▸ **EXERCISE AIM**: All entries below are to be copied precisely as they appear.
--- --- ---
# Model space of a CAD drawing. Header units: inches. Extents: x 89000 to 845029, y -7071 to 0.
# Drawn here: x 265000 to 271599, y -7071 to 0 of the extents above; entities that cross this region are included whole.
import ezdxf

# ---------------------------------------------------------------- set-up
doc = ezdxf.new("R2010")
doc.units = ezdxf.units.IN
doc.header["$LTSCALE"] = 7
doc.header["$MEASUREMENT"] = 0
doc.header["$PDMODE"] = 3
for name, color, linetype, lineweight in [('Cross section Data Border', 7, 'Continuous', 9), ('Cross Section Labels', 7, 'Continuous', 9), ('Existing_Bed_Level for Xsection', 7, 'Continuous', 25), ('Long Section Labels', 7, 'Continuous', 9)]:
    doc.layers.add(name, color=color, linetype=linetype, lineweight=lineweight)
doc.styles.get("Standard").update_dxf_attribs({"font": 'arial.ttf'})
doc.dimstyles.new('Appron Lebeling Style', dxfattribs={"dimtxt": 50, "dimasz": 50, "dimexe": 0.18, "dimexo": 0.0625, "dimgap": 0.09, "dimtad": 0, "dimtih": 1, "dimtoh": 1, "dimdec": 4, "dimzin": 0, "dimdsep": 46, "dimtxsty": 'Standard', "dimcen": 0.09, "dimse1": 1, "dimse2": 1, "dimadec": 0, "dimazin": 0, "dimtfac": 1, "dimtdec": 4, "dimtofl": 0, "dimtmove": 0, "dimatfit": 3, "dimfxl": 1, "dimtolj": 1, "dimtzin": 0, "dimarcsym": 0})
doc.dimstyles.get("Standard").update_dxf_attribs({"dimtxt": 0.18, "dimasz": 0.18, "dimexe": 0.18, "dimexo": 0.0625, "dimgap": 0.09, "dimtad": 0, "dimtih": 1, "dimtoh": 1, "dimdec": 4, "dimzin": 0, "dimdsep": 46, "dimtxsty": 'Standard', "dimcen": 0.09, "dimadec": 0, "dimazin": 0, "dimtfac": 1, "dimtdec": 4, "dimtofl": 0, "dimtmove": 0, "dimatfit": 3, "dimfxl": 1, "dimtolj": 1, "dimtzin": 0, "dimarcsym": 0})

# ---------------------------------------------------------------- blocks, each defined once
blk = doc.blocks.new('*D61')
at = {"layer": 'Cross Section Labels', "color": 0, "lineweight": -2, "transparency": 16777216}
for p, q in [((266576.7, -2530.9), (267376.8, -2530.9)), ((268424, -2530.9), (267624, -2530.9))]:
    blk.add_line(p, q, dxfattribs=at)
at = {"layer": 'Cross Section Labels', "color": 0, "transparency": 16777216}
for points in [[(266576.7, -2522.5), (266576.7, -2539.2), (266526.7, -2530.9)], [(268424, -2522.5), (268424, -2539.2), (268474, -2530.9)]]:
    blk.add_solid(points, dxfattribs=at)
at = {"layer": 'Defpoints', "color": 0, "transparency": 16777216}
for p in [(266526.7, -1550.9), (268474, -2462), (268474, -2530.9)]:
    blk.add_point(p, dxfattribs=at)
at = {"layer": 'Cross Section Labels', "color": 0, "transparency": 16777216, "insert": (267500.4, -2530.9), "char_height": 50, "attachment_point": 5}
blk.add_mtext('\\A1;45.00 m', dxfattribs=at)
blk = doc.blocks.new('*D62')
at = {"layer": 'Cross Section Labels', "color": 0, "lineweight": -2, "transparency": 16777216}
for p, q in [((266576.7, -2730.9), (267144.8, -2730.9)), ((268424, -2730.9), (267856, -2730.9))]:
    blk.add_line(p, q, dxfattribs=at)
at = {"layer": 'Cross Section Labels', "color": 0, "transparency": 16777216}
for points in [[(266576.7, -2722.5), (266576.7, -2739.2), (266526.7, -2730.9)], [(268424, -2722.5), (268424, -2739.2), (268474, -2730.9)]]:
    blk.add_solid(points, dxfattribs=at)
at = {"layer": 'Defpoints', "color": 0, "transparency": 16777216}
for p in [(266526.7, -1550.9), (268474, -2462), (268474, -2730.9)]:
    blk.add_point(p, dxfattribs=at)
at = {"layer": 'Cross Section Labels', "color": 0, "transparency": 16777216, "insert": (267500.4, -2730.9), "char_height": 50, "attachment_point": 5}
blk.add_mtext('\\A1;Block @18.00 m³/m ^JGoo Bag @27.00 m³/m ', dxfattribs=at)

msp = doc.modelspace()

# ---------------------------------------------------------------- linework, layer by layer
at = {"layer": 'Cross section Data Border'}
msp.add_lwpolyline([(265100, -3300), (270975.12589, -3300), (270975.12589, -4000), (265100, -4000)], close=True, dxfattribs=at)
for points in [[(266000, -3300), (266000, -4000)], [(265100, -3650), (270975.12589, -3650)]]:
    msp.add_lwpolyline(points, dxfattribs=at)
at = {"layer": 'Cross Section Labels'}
--- --- ---
▸ **WRITTEN SOLUTION**:
# Model space of a CAD drawing. Header units: inches. Extents: x 89000 to 845029, y -7071 to 0.
# Drawn here: x 265000 to 271599, y -7071 to 0 of the extents above; entities that cross this region are included whole.
import ezdxf

# ---------------------------------------------------------------- set-up
doc = ezdxf.new("R2010")
doc.units = ezdxf.units.IN
doc.header["$LTSCALE"] = 7
doc.header["$MEASUREMENT"] = 0
doc.header["$PDMODE"] = 3
for name, color, linetype, lineweight in [('Cross section Data Border', 7, 'Continuous', 9), ('Cross Section Labels', 7, 'Continuous', 9), ('Existing_Bed_Level for Xsection', 7, 'Continuous', 25), ('Long Section Labels', 7, 'Continuous', 9)]:
    doc.layers.add(name, color=color, linetype=linetype, lineweight=lineweight)
doc.styles.get("Standard").update_dxf_attribs({"font": 'arial.ttf'})
doc.dimstyles.new('Appron Lebeling Style', dxfattribs={"dimtxt": 50, "dimasz": 50, "dimexe": 0.18, "dimexo": 0.0625, "dimgap": 0.09, "dimtad": 0, "dimtih": 1, "dimtoh": 1, "dimdec": 4, "dimzin": 0, "dimdsep": 46, "dimtxsty": 'Standard', "dimcen": 0.09, "dimse1": 1, "dimse2": 1, "dimadec": 0, "dimazin": 0, "dimtfac": 1, "dimtdec": 4, "dimtofl": 0, "dimtmove": 0, "dimatfit": 3, "dimfxl": 1, "dimtolj": 1, "dimtzin": 0, "dimarcsym": 0})
doc.dimstyles.get("Standard").update_dxf_attribs({"dimtxt": 0.18, "dimasz": 0.18, "dimexe": 0.18, "dimexo": 0.0625, "dimgap": 0.09, "dimtad": 0, "dimtih": 1, "dimtoh": 1, "dimdec": 4, "dimzin": 0, "dimdsep": 46, "dimtxsty": 'Standard', "dimcen": 0.09, "dimadec": 0, "dimazin": 0, "dimtfac": 1, "dimtdec": 4, "dimtofl": 0, "dimtmove": 0, "dimatfit": 3, "dimfxl": 1, "dimtolj": 1, "dimtzin": 0, "dimarcsym": 0})

# ---------------------------------------------------------------- blocks, each defined once
blk = doc.blocks.new('*D61')
at = {"layer": 'Cross Section Labels', "color": 0, "lineweight": -2, "transparency": 16777216}
for p, q in [((266576.7, -2530.9), (267376.8, -2530.9)), ((268424, -2530.9), (267624, -2530.9))]:
    blk.add_line(p, q, dxfattribs=at)
at = {"layer": 'Cross Section Labels', "color": 0, "transparency": 16777216}
for points in [[(266576.7, -2522.5), (266576.7, -2539.2), (266526.7, -2530.9)], [(268424, -2522.5), (268424, -2539.2), (268474, -2530.9)]]:
    blk.add_solid(points, dxfattribs=at)
at = {"layer": 'Defpoints', "color": 0, "transparency": 16777216}
for p in [(266526.7, -1550.9), (268474, -2462), (268474, -2530.9)]:
    blk.add_point(p, dxfattribs=at)
at = {"layer": 'Cross Section Labels', "color": 0, "transparency": 16777216, "insert": (267500.4, -2530.9), "char_height": 50, "attachment_point": 5}
blk.add_mtext('\\A1;45.00 m', dxfattribs=at)
blk = doc.blocks.new('*D62')
at = {"layer": 'Cross Section Labels', "color": 0, "lineweight": -2, "transparency": 16777216}
for p, q in [((266576.7, -2730.9), (267144.8, -2730.9)), ((268424, -2730.9), (267856, -2730.9))]:
    blk.add_line(p, q, dxfattribs=at)
at = {"layer": 'Cross Section Labels', "color": 0, "transparency": 16777216}
for points in [[(266576.7, -2722.5), (266576.7, -2739.2), (266526.7, -2730.9)], [(268424, -2722.5), (268424, -2739.2), (268474, -2730.9)]]:
    blk.add_solid(points, dxfattribs=at)
at = {"layer": 'Defpoints', "color": 0, "transparency": 16777216}
for p in [(266526.7, -1550.9), (268474, -2462), (268474, -2730.9)]:
    blk.add_point(p, dxfattribs=at)
at = {"layer": 'Cross Section Labels', "color": 0, "transparency": 16777216, "insert": (267500.4, -2730.9), "char_height": 50, "attachment_point": 5}
blk.add_mtext('\\A1;Block @18.00 m³/m ^JGoo Bag @27.00 m³/m ', dxfattribs=at)

msp = doc.modelspace()

# ---------------------------------------------------------------- linework, layer by layer
at = {"layer": 'Cross section Data Border'}
msp.add_lwpolyline([(265100, -3300), (270975.12589, -3300), (270975.12589, -4000), (265100, -4000)], close=True, dxfattribs=at)
for points in [[(266000, -3300), (266000, -4000)], [(265100, -3650), (270975.12589, -3650)]]:
    msp.add_lwpolyline(points, dxfattribs=at)
at = {"layer": 'Cross Section Labels'}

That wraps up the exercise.